(What is required): Reproduce the entries verbatim; no pictures.

[Saved entries]

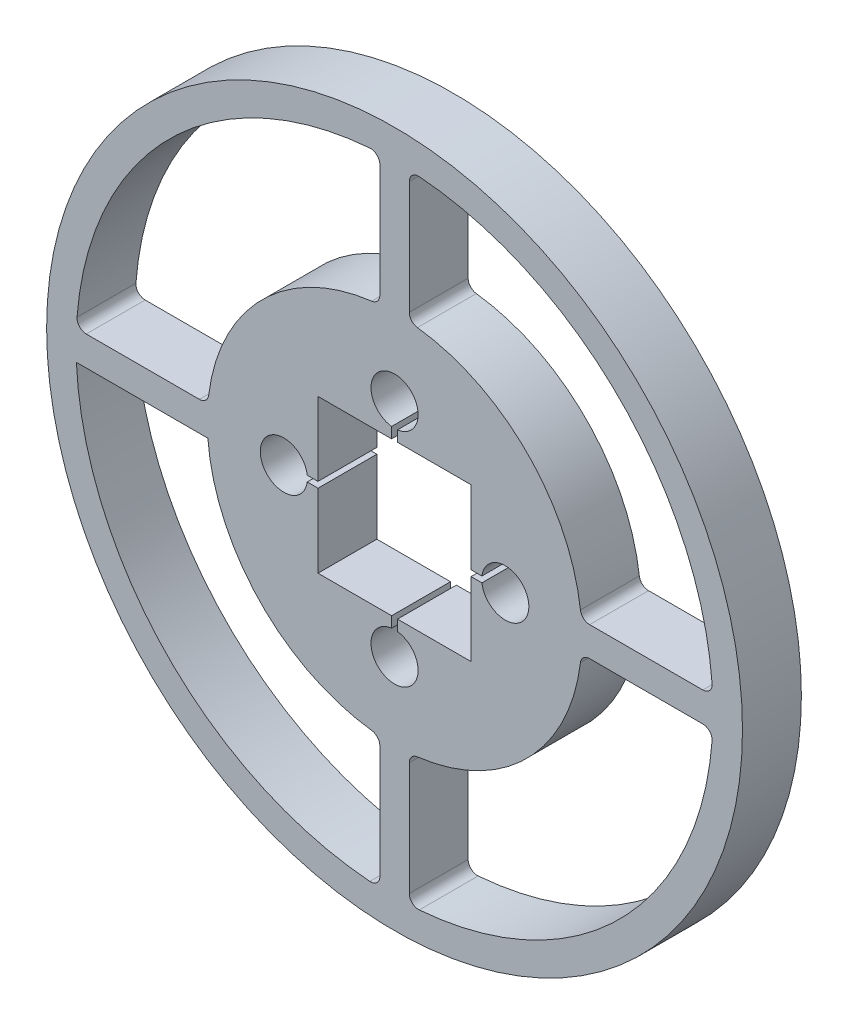
SolidWorks part; units mm, degrees
material "AISI 1020"
ref_plane "Front Plane" through (0, 0, 0) normal (0, 0, 1) x (1, 0, 0)
ref_plane "Top Plane" through (0, 0, 0) normal (0, 1, 0) x (1, 0, 0)
ref_plane "Right Plane" through (0, 0, 0) normal (1, 0, 0) x (0, 0, -1)
other "Center of Mass"
sketch "Sketch1" plane through (0, 0, 0) normal (0, 0, 1) x (1, 0, 0)
  line L0 (-11.938, 0) -> (0, 0) construction
  line L1 (-8.255, 8.255) -> (8.255, 8.255)
  line L2 (-8.255, 8.255) -> (-8.255, -8.255)
  line L3 (-8.255, -8.255) -> (8.255, -8.255)
  line L4 (8.255, 8.255) -> (8.255, -8.255)
  line L5 (0, 0) -> (0, 11.938) construction
  line L6 (11.938, 0) -> (0, 0) construction
  line L7 (0, 0) -> (0, -11.938) construction
  line L9 (-9.4179, 0.3175) -> (9.4179, 0.3175)
  line L10 (-9.4179, 0.3175) -> (-9.4179, -0.3175)
  line L11 (-9.4179, -0.3175) -> (9.4179, -0.3175)
  line L12 (9.4179, 0.3175) -> (9.4179, -0.3175)
  line L13 (-0.3175, 9.4179) -> (0.3175, 9.4179)
  line L14 (-0.3175, 9.4179) -> (-0.3175, -9.4179)
  line L15 (-0.3175, -9.4179) -> (0.3175, -9.4179)
  line L16 (0.3175, 9.4179) -> (0.3175, -9.4179)
  line L17 (-1.5875, 20.1305) -> (-1.5875, 34.3041)
  line L19 (1.5875, 20.1305) -> (1.5875, 34.3041)
  line L20 (20.1305, 1.5875) -> (34.3041, 1.5875)
  line L21 (20.1305, -1.5875) -> (34.3041, -1.5875)
  line L22 (1.5875, -20.1305) -> (1.5875, -34.3041)
  line L23 (-1.5875, -20.1305) -> (-1.5875, -34.3041)
  line L24 (-20.1305, -1.5875) -> (-34.3041, -1.5875)
  line L25 (-20.1305, 1.5875) -> (-34.3041, 1.5875)
  circle A1 centre (0, 11.938) radius 2.54
  circle A2 centre (0, -11.938) radius 2.54
  circle A3 centre (11.938, 0) radius 2.54
  circle A4 centre (-11.938, 0) radius 2.54
  circle A68 centre (0, 0) radius 37.5158
  arc A73 (-1.5875, 34.3041) -> (-34.3041, 1.5875) centre (0, 0) ccw
  arc A75 (-1.5875, 20.1305) -> (-20.1305, 1.5875) centre (0, 0) ccw
  arc A76 (20.1305, 1.5875) -> (1.5875, 20.1305) centre (0, 0) ccw
  arc A77 (34.3041, 1.5875) -> (1.5875, 34.3041) centre (0, 0) ccw
  arc A78 (1.5875, -20.1305) -> (20.1305, -1.5875) centre (0, 0) ccw
  arc A79 (1.5875, -34.3041) -> (34.3041, -1.5875) centre (0, 0) ccw
  arc A80 (-20.1305, -1.5875) -> (-1.5875, -20.1305) centre (0, 0) ccw
  arc A81 (-34.3041, -1.5875) -> (-1.5875, -34.3041) centre (0, 0) ccw
  point P7 (8.255, 0)
  point P8 (0, 8.255)
  point P46 (0, 0)
  point P54 (0, 0)
  point P70 (0, 0)
  point P77 (0, 0)
  point P104 (0, 0)
  dimension "D2" = 18.8358
  dimension "D4" = 5.08
  dimension "D6" = 3.175
  dimension "D7" = 40.386
  dimension "D5" = 75.0316
  dimension "D1" = 16.51
  dimension "D3" = 11.938
  dimension "D8" = 3.175
extrude "Boss-Extrude1" add sketch "Sketch1" along normal blind 6.35 contours A4 L9 L2 L1 L14 A1 L16 L4 A3 L11 L3 A2 region at (-36.4547, 0, 0)
fillet "Fillet2" radius 1 14 edges at (1.5875, -34.3041, 3.175) (34.3041, -1.5875, 3.175) (20.1305, -1.5875, 3.175) (1.5875, -20.1305, 3.175) (-1.5875, -20.1305, 3.175) (-1.5875, -34.3041, 3.175) (-20.1305, 1.5875, 3.175) (-1.5875, 20.1305, 3.175) (1.5875, 34.3041, 3.175) (-1.5875, 34.3041, 3.175) (1.5875, 20.1305, 3.175) (20.1305, 1.5875, 3.175) (34.3041, 1.5875, 3.175) (-34.3041, 1.5875, 3.175)

(Reply):
SolidWorks part; units mm, degrees
material "AISI 1020"
ref_plane "Front Plane" through (0, 0, 0) normal (0, 0, 1) x (1, 0, 0)
ref_plane "Top Plane" through (0, 0, 0) normal (0, 1, 0) x (1, 0, 0)
ref_plane "Right Plane" through (0, 0, 0) normal (1, 0, 0) x (0, 0, -1)
other "Center of Mass"
sketch "Sketch1" plane through (0, 0, 0) normal (0, 0, 1) x (1, 0, 0)
  line L0 (-11.938, 0) -> (0, 0) construction
  line L1 (-8.255, 8.255) -> (8.255, 8.255)
  line L2 (-8.255, 8.255) -> (-8.255, -8.255)
  line L3 (-8.255, -8.255) -> (8.255, -8.255)
  line L4 (8.255, 8.255) -> (8.255, -8.255)
  line L5 (0, 0) -> (0, 11.938) construction
  line L6 (11.938, 0) -> (0, 0) construction
  line L7 (0, 0) -> (0, -11.938) construction
  line L9 (-9.4179, 0.3175) -> (9.4179, 0.3175)
  line L10 (-9.4179, 0.3175) -> (-9.4179, -0.3175)
  line L11 (-9.4179, -0.3175) -> (9.4179, -0.3175)
  line L12 (9.4179, 0.3175) -> (9.4179, -0.3175)
  line L13 (-0.3175, 9.4179) -> (0.3175, 9.4179)
  line L14 (-0.3175, 9.4179) -> (-0.3175, -9.4179)
  line L15 (-0.3175, -9.4179) -> (0.3175, -9.4179)
  line L16 (0.3175, 9.4179) -> (0.3175, -9.4179)
  line L17 (-1.5875, 20.1305) -> (-1.5875, 34.3041)
  line L19 (1.5875, 20.1305) -> (1.5875, 34.3041)
  line L20 (20.1305, 1.5875) -> (34.3041, 1.5875)
  line L21 (20.1305, -1.5875) -> (34.3041, -1.5875)
  line L22 (1.5875, -20.1305) -> (1.5875, -34.3041)
  line L23 (-1.5875, -20.1305) -> (-1.5875, -34.3041)
  line L24 (-20.1305, -1.5875) -> (-34.3041, -1.5875)
  line L25 (-20.1305, 1.5875) -> (-34.3041, 1.5875)
  circle A1 centre (0, 11.938) radius 2.54
  circle A2 centre (0, -11.938) radius 2.54
  circle A3 centre (11.938, 0) radius 2.54
  circle A4 centre (-11.938, 0) radius 2.54
  circle A68 centre (0, 0) radius 37.5158
  arc A73 (-1.5875, 34.3041) -> (-34.3041, 1.5875) centre (0, 0) ccw
  arc A75 (-1.5875, 20.1305) -> (-20.1305, 1.5875) centre (0, 0) ccw
  arc A76 (20.1305, 1.5875) -> (1.5875, 20.1305) centre (0, 0) ccw
  arc A77 (34.3041, 1.5875) -> (1.5875, 34.3041) centre (0, 0) ccw
  arc A78 (1.5875, -20.1305) -> (20.1305, -1.5875) centre (0, 0) ccw
  arc A79 (1.5875, -34.3041) -> (34.3041, -1.5875) centre (0, 0) ccw
  arc A80 (-20.1305, -1.5875) -> (-1.5875, -20.1305) centre (0, 0) ccw
  arc A81 (-34.3041, -1.5875) -> (-1.5875, -34.3041) centre (0, 0) ccw
  point P7 (8.255, 0)
  point P8 (0, 8.255)
  point P46 (0, 0)
  point P54 (0, 0)
  point P70 (0, 0)
  point P77 (0, 0)
  point P104 (0, 0)
  dimension "D2" = 18.8358
  dimension "D4" = 5.08
  dimension "D6" = 3.175
  dimension "D7" = 40.386
  dimension "D5" = 75.0316
  dimension "D1" = 16.51
  dimension "D3" = 11.938
  dimension "D8" = 3.175
extrude "Boss-Extrude1" add sketch "Sketch1" along normal blind 6.35 contours A4 L9 L2 L1 L14 A1 L16 L4 A3 L11 L3 A2 region at (-36.4547, 0, 0)
fillet "Fillet2" radius 1 14 edges at (1.5875, -34.3041, 3.175) (34.3041, -1.5875, 3.175) (20.1305, -1.5875, 3.175) (1.5875, -20.1305, 3.175) (-1.5875, -20.1305, 3.175) (-1.5875, -34.3041, 3.175) (-20.1305, 1.5875, 3.175) (-1.5875, 20.1305, 3.175) (1.5875, 34.3041, 3.175) (-1.5875, 34.3041, 3.175) (1.5875, 20.1305, 3.175) (20.1305, 1.5875, 3.175) (34.3041, 1.5875, 3.175) (-34.3041, 1.5875, 3.175)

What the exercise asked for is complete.